Talk Talk Talk Talk Talk Myself to Death: <i>CSA: The Confederate States of America</i>

Sunday, March 26, 2006

CSA: The Confederate States of America

Last month I wrote about the small, indy movie CSA: The Confederate States of America and said I intended to see it, but I neglected to mention it after I did. I enjoyed it--it was darkly comic and intriguing. Very low budget, it was rough around the edges, but that's often the charm of independent movies. It was set-up like the Ken Burns Civil War miniseries and told the story of a Confederate States of America that won the Civil War. I've been working on a couple of Civil War projects recently, and I found it interesting to see some of the same images that we've been working with turned on their head. Photos of destroyed Richmond, Virginia, and Columbia, South Carolina, stood in for Boston and New York. A painting of Lee, dressed in his finest dress uniform, surrendering to Grant, wearing mud-spattered pants and an enlisted man's jacket, could easily be interpreted as the regal Lee magnanimously greeting the loser Grant.

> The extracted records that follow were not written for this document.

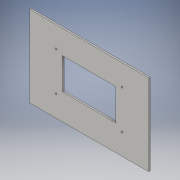
# Autodesk Inventor part: Lock
Saved by Autodesk Inventor 2016 SP2 (Build 200236200, 236)
## iProperties
Created: 2017-08-28
Part Number: Lock
Material: Generic
Document SubType Name: Modeling
Designer: Albin Hjalmas
Density: 1 g/cm^3
Appearance: Default
Author: Albin Hjalmas
Autodesk Inventor part; units mm, degrees
ref_plane "YZ Plane" through (0, 0, 0) normal (1, 0, 0) x (0, 1, 0)
ref_plane "XZ Plane" through (0, 0, 0) normal (0, 1, 0) x (-1, 0, 0)
ref_plane "XY Plane" through (0, 0, 0) normal (0, 0, 1) x (1, 0, 0)
sketch "Sketch1" plane through (0, 0, 0) normal (0, 0, 1) x (1, 0, 0)
  line L0 (0, 0) -> (220, 0)
  line L1 (220, 0) -> (220, 150)
  line L2 (220, 150) -> (0, 150)
  line L3 (0, 150) -> (0, 0)
  dimension "d0" = 220
  dimension "d1" = 150
  constraints: 8 end point, 2 parallel, 1 horizontal, 1 perpendicular
  measures "d0" distance of L2.end L1.end
  measures "d1" distance of L1.end L0.end
extrude "Extrusion1" add sketch "Sketch1" along normal blind 3
sketch "Sketch2" plane through (0, 0, 3) normal (0, 0, 1) x (1, 0, 0)
  line L0 (0, 150) -> (0, 0) projected
  line L1 (0, 75) -> (220, 75)
  line L2 (220, 0) -> (220, 150) projected
  line L3 (220, 150) -> (0, 150) projected
  line L4 (110, 150) -> (110, 0)
  circle A0 centre (49, 111) radius 1.6
  circle A1 centre (171, 111) radius 1.6
  circle A2 centre (171, 39) radius 1.6
  circle A3 centre (49, 39) radius 1.6
  line L5 (60.5, 48) -> (159.5, 48)
  line L6 (159.5, 48) -> (159.5, 106)
  line L7 (159.5, 106) -> (60.5, 106)
  line L8 (60.5, 106) -> (60.5, 48)
  dimension "d7" = 3.2
  dimension "d8" = 3.2
  dimension "d9" = 3.2
  dimension "d10" = 3.2
  dimension "d11" = 99
  dimension "d12" = 58
  dimension "d13" = 11.5
  dimension "d14" = 5
  dimension "d15" = 9
  constraints: 12 end point, 4 centre point, 3 midpoint, 2 parallel, 1 horizontal, 1 perpendicular, 1 vertical
  measures "d7" diameter of A0
  measures "d8" diameter of A1
  measures "d9" diameter of A2
  measures "d10" diameter of A3
  measures "d11" distance of L7.end L6.end
  measures "d12" distance of L6.end L5.end
  measures "d13" distance from line of A1.centre L6
  measures "d14" distance from line of A1.centre L7
  measures "d15" distance from line of A2.centre L5
sketch "Sketch3" plane through (0, 0, 3) normal (0, 0, 1) x (1, 0, 0)
  circle A0 centre (49, 111) radius 1.6
  circle A1 centre (171, 111) radius 1.6
  circle A2 centre (171, 39) radius 1.6
  circle A3 centre (49, 39) radius 1.6
  line L0 (60.5, 48) -> (159.5, 48)
  line L1 (159.5, 48) -> (159.5, 106)
  line L2 (159.5, 106) -> (60.5, 106)
  line L3 (60.5, 106) -> (60.5, 48)
  point P0 (0, 0)
  dimension "d16" = 3.2
  dimension "d17" = 3.2
  dimension "d18" = 3.2
  dimension "d19" = 3.2
  dimension "d20" = 99
  dimension "d21" = 58
  dimension "d22" = 11.5
  dimension "d23" = 5
  dimension "d24" = 9
  constraints: 8 end point, 4 centre point, 2 parallel, 1 horizontal, 1 perpendicular
  measures "d16" diameter of A0
  measures "d17" diameter of A1
  measures "d18" diameter of A2
  measures "d19" diameter of A3
  measures "d20" distance of L2.end L2.start
  measures "d21" distance of L2.start L0.end
  measures "d22" distance from line of A1.centre L1
  measures "d23" distance from line of A1.centre L2
  measures "d24" distance from line of A2.centre L0
extrude "Extrusion2" cut sketch "Sketch3" against normal blind 3
body "Solid1"

Since it takes the form of a faux TV documentary, the movie has a structure that allows for comic interludes in the form of ads for products available in the Confederacy. Although some of them seemed a bit over the top, the kicker came when it was revealed that many of the products--Coon Chicken Inn, Sambo Motor Oil, Darkie Toothpaste--had been real products. (I don't know if they tried, but I imagine the filmmakers wouldn't have been able to get permission for Aunt Jemima brand products, Uncle Ben's Rice, or Cream of Wheat.) The fake ads, sometimes the height of political incorrectness, offered some awkward laughs (awkward because of subject matter, not execution) but reminded us that the attitudes expressed by CSA officials and residents aren't that far removed from some we can find in our own world.

One complaint I've heard against the film concerns its approach to alternative history. In its purest form, alternative history changes some detail of a historical event and then follows the logical consequences of that change. CSA doesn't do this. Since Washington, D.C., is already below the Mason-Dixon line, once Confederate forces captured the U.S. capital and the Lincoln government collapsed, there would have been no reason for the rebels to go farther north to invade and destroy New York or Boston. For that matter, the Confederate government would have had no desire to take control of the rest of the continental United States. All they wanted was to get out of the Union. So, certainly, having the alternate CSA go against those basic ideas is a flaw in the film as alternative history, but I think the filmmakers had the larger intention of dramatizing racial attitudes in the fictional contemporary slave-holding CSA and allowing us to make our own comparisons.

I do have a couple of tiny complaints, though. The CSA Website has a timeline of Confederate history, but the best line from it didn't make it into the movie. The explanation for April 12, 1861, reads:

With war looming, at 4:30 a.m. Confederates under Gen. Pierre Beauregard preemptively strike with 50 cannons upon Fort Sumter in Charleston, South Carolina. The War of Northern Aggression has begun.

I love that. Another opportunity was lost when a contemporary CSA politician was caught in a scandal--rumors were spreading that he had a slave ancestor in his family. The film was obviously playing off the Clinton difficulties, and when the politician faced the press, I was desperately waiting for him to wag his finger at us and claim, "My great-great grandfather did not have sexual relations with that woman." Yes, it's obvious, but it would've received a great reaction from the audience.